# Summer Tyres



## spyk3d (Nov 25, 2007)

So my new alloys have arrived for my car and it means that I can now run a summer and winter set of tyres.

So what is a good tyre for the summer months? They need to be 235/40/19 94/97 Y rating.


----------



## Andyblue (Jun 20, 2017)

spyk3d said:


> So my new alloys have arrived for my car and it means that I can now run a summer and winter set of tyres.
> 
> So what is a good tyre for the summer months? They need to be 235/40/19 94/97 Y rating.


My preferred choice is Michelin - but I tend to run year round and they've been excellent for me...

Recently popped a set of Cros Climate on wife's motor and they've been great.

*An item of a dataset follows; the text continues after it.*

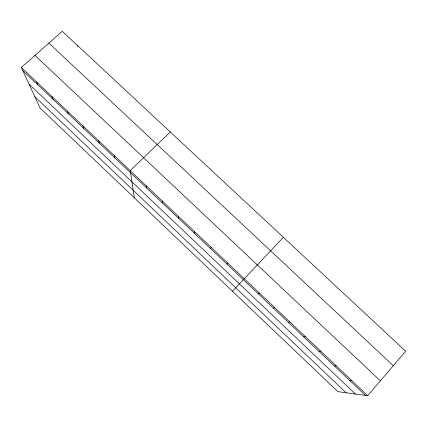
<?xml version="1.0" encoding="UTF-8"?>
<svg xmlns="http://www.w3.org/2000/svg" width="427" height="427" viewBox="0 0 427 427"><rect width="100%" height="100%" fill="white"/><g stroke="black" fill="none" stroke-linecap="round" stroke-linejoin="round"><path stroke-width="0.64" d="M162.244 202.804L162.265 201.021M178.256 217.983L178.454 216.361M194.376 233.265L194.749 231.802M210.607 248.647L211.157 247.35M226.945 264.132L227.676 263M367.732 395.701L405.65 351.191L62.235 31.299L21.35 67.503L40.079 108.036L337.869 391.644L367.732 395.701L21.35 67.503M283.379 237.3L232.443 291.241M170.261 131.927L130.219 170.656L134.318 197.786M258.319 293.872L259.402 293.061M273.333 308.107L274.588 307.451M288.444 322.428L289.869 321.931M303.65 336.839L305.246 336.497M318.948 351.341L320.72 351.159M334.341 365.934L336.295 365.912M349.83 380.612L351.96 380.761M48.891 43.116L393.283 365.709M34.987 55.425L380.393 380.841M22.791 70.62L365.416 395.386M29.02 84.108L355.424 394.03M34.875 96.774L346.105 392.765M36.594 81.952L37.88 84.925M51.945 96.491L53.071 99.326M67.391 111.127L68.363 113.817M82.939 125.864L83.751 128.404M98.594 140.696L99.245 143.088M77.367 45.395L77.65 46.495M114.356 155.625L114.836 157.873M146.189 185.788L146.338 187.725"/></g></svg>

Obviously depends on motor they're going on and what you want from them / how you drive and what you're looking for - nice and soft / super sticky, but not really got a life span ???


----------



## Kerr (Mar 27, 2012)

Michelin Pilot 4s appear to be the tyre of choice at the moment. Make sure they are 4s and not just 4. 

Goodyear have just started doing a Supersport. The range isn't full yet for a big choice on size.


----------



## BrummyPete (Jun 10, 2010)

I've just put ps4s on my vrs, great tyres in my opinion 

Sent from my CLT-L29 using Tapatalk


----------



## spyk3d (Nov 25, 2007)

Andyblue said:


> My preferred choice is Michelin - but I tend to run year round and they've been excellent for me...
> 
> Recently popped a set of Cros Climate on wife's motor and they've been great.
> 
> Obviously depends on motor they're going on and what you want from them / how you drive and what you're looking for - nice and soft / super sticky, but not really got a life span ???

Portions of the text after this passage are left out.